## [What you should do]
Each record below should be returned exactly, with its pictures left out.

## [Records from a collection]
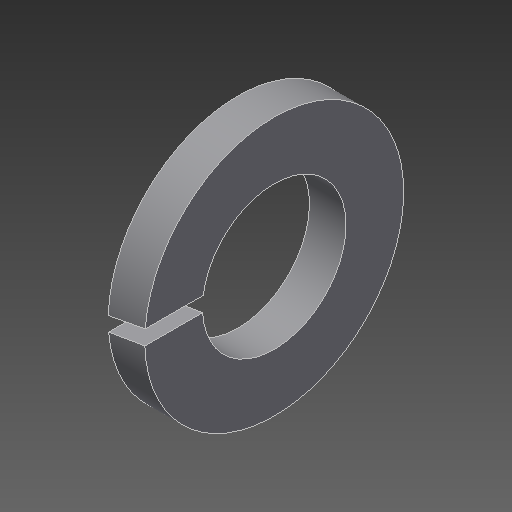
# Autodesk Inventor part: SLW5
Saved by Autodesk Inventor 2021.1 (Build 251245010, 245A)
## iProperties
Created: 2010-03-07
Part Number: SLW5
Catalog Web Link: www.cadenas.de
Document SubType Name: Modeling
Density: 1 g/cm^3
Material: MISUMI
Appearance: 既定
Category: PARTsolutions
NB: SLW5
NN: SLW, SSLW
NT: Spring Washers
NBSYN: $PN.
LINA: SLW5
PN: SLW5
ST: Trivalent Chromate Plating
NO: 5
DD: 5.1
D: 9.2
TT: 1.3
M1: 5.000
KT: DUMMY
PSOL_IDENT_0: {\\10.0.0.149\dplatte\cadenas\23d-libs\misumi\metric\27_screws_nuts\slw.prj},156 {VTYP=3D},{NB=SLW5}
PSOL_IDENT_1: ,{LINA=SLW5},{NN=SLW, SSLW},{DATE=26.08.2009 09:13:32},{GEOMDATE=07.07.2009 12:27:00},{VERSION=},{LI
PSOL_IDENT_2: NEID=40},{LINESUBID=-1},{WBVAR=MAT}  {NB=SLW5},{LINA=SLW5},{KT=DUMMY},{PN=SLW5},{MAT=},{ST=Trivalent
PSOL_IDENT_3: Chromate Plating},{NO=5},{DD=5.1},{D=9.2},{TT=1.3},{M1=5.000}
Title: ばね座金
Comments: Spring Washers
Autodesk Inventor part; units mm, degrees
sketch "Sketch_1" plane through (0, 0, 0) normal (0, 0, 1) x (1, 0, 0)
  line L0 (0.65, 0) -> (-0.65, 0)
  line L1 (-0.65, 2.55) -> (0.65, 2.55)
  line L2 (0.65, 2.55) -> (0.65, 4.6)
  line L3 (0.65, 4.6) -> (-0.65, 4.6)
  line L4 (-0.65, 4.6) -> (-0.65, 2.55)
  constraints: 10 end point
revolve "Revolution1" add sketch "Sketch_1" angle 360 about axis through (0.65, 0, 0) along (-1, 0, 0)
sketch "Sketch_2" plane through (0, 0, 0) normal (0, 0, 1) x (1, 0, 0)
  line L0 (-1.3245, 0.0254) -> (-1.236, -0.4769)
  line L1 (-1.236, -0.4769) -> (1.3245, -0.0254)
  line L2 (1.3245, -0.0254) -> (1.236, 0.4769)
  line L3 (1.236, 0.4769) -> (-1.3245, 0.0254)
  constraints: 8 end point
extrude "Extrusion1" cut sketch "Sketch_2" along normal blind 9.2
ref_plane "spring_washer_to_bolt_XY" through (0, 0, 0) normal (1, 0, 0) x (0, 0, -1)
ref_plane "spring_washer_to_bolt_YZ" through (0, 0, 0) normal (0, 0, -1) x (0, 1, 0)
ref_plane "spring_washer_to_bolt_ZX" through (0, 0, 0) normal (0, 1, 0) x (1, 0, 0)

## [Response to the task]
# Autodesk Inventor part: SLW5
Saved by Autodesk Inventor 2021.1 (Build 251245010, 245A)
## iProperties
Created: 2010-03-07
Part Number: SLW5
Catalog Web Link: www.cadenas.de
Document SubType Name: Modeling
Density: 1 g/cm^3
Material: MISUMI
Appearance: 既定
Category: PARTsolutions
NB: SLW5
NN: SLW, SSLW
NT: Spring Washers
NBSYN: $PN.
LINA: SLW5
PN: SLW5
ST: Trivalent Chromate Plating
NO: 5
DD: 5.1
D: 9.2
TT: 1.3
M1: 5.000
KT: DUMMY
PSOL_IDENT_0: {\\10.0.0.149\dplatte\cadenas\23d-libs\misumi\metric\27_screws_nuts\slw.prj},156 {VTYP=3D},{NB=SLW5}
PSOL_IDENT_1: ,{LINA=SLW5},{NN=SLW, SSLW},{DATE=26.08.2009 09:13:32},{GEOMDATE=07.07.2009 12:27:00},{VERSION=},{LI
PSOL_IDENT_2: NEID=40},{LINESUBID=-1},{WBVAR=MAT}  {NB=SLW5},{LINA=SLW5},{KT=DUMMY},{PN=SLW5},{MAT=},{ST=Trivalent
PSOL_IDENT_3: Chromate Plating},{NO=5},{DD=5.1},{D=9.2},{TT=1.3},{M1=5.000}
Title: ばね座金
Comments: Spring Washers
Autodesk Inventor part; units mm, degrees
sketch "Sketch_1" plane through (0, 0, 0) normal (0, 0, 1) x (1, 0, 0)
  line L0 (0.65, 0) -> (-0.65, 0)
  line L1 (-0.65, 2.55) -> (0.65, 2.55)
  line L2 (0.65, 2.55) -> (0.65, 4.6)
  line L3 (0.65, 4.6) -> (-0.65, 4.6)
  line L4 (-0.65, 4.6) -> (-0.65, 2.55)
  constraints: 10 end point
revolve "Revolution1" add sketch "Sketch_1" angle 360 about axis through (0.65, 0, 0) along (-1, 0, 0)
sketch "Sketch_2" plane through (0, 0, 0) normal (0, 0, 1) x (1, 0, 0)
  line L0 (-1.3245, 0.0254) -> (-1.236, -0.4769)
  line L1 (-1.236, -0.4769) -> (1.3245, -0.0254)
  line L2 (1.3245, -0.0254) -> (1.236, 0.4769)
  line L3 (1.236, 0.4769) -> (-1.3245, 0.0254)
  constraints: 8 end point
extrude "Extrusion1" cut sketch "Sketch_2" along normal blind 9.2
ref_plane "spring_washer_to_bolt_XY" through (0, 0, 0) normal (1, 0, 0) x (0, 0, -1)
ref_plane "spring_washer_to_bolt_YZ" through (0, 0, 0) normal (0, 0, -1) x (0, 1, 0)
ref_plane "spring_washer_to_bolt_ZX" through (0, 0, 0) normal (0, 1, 0) x (1, 0, 0)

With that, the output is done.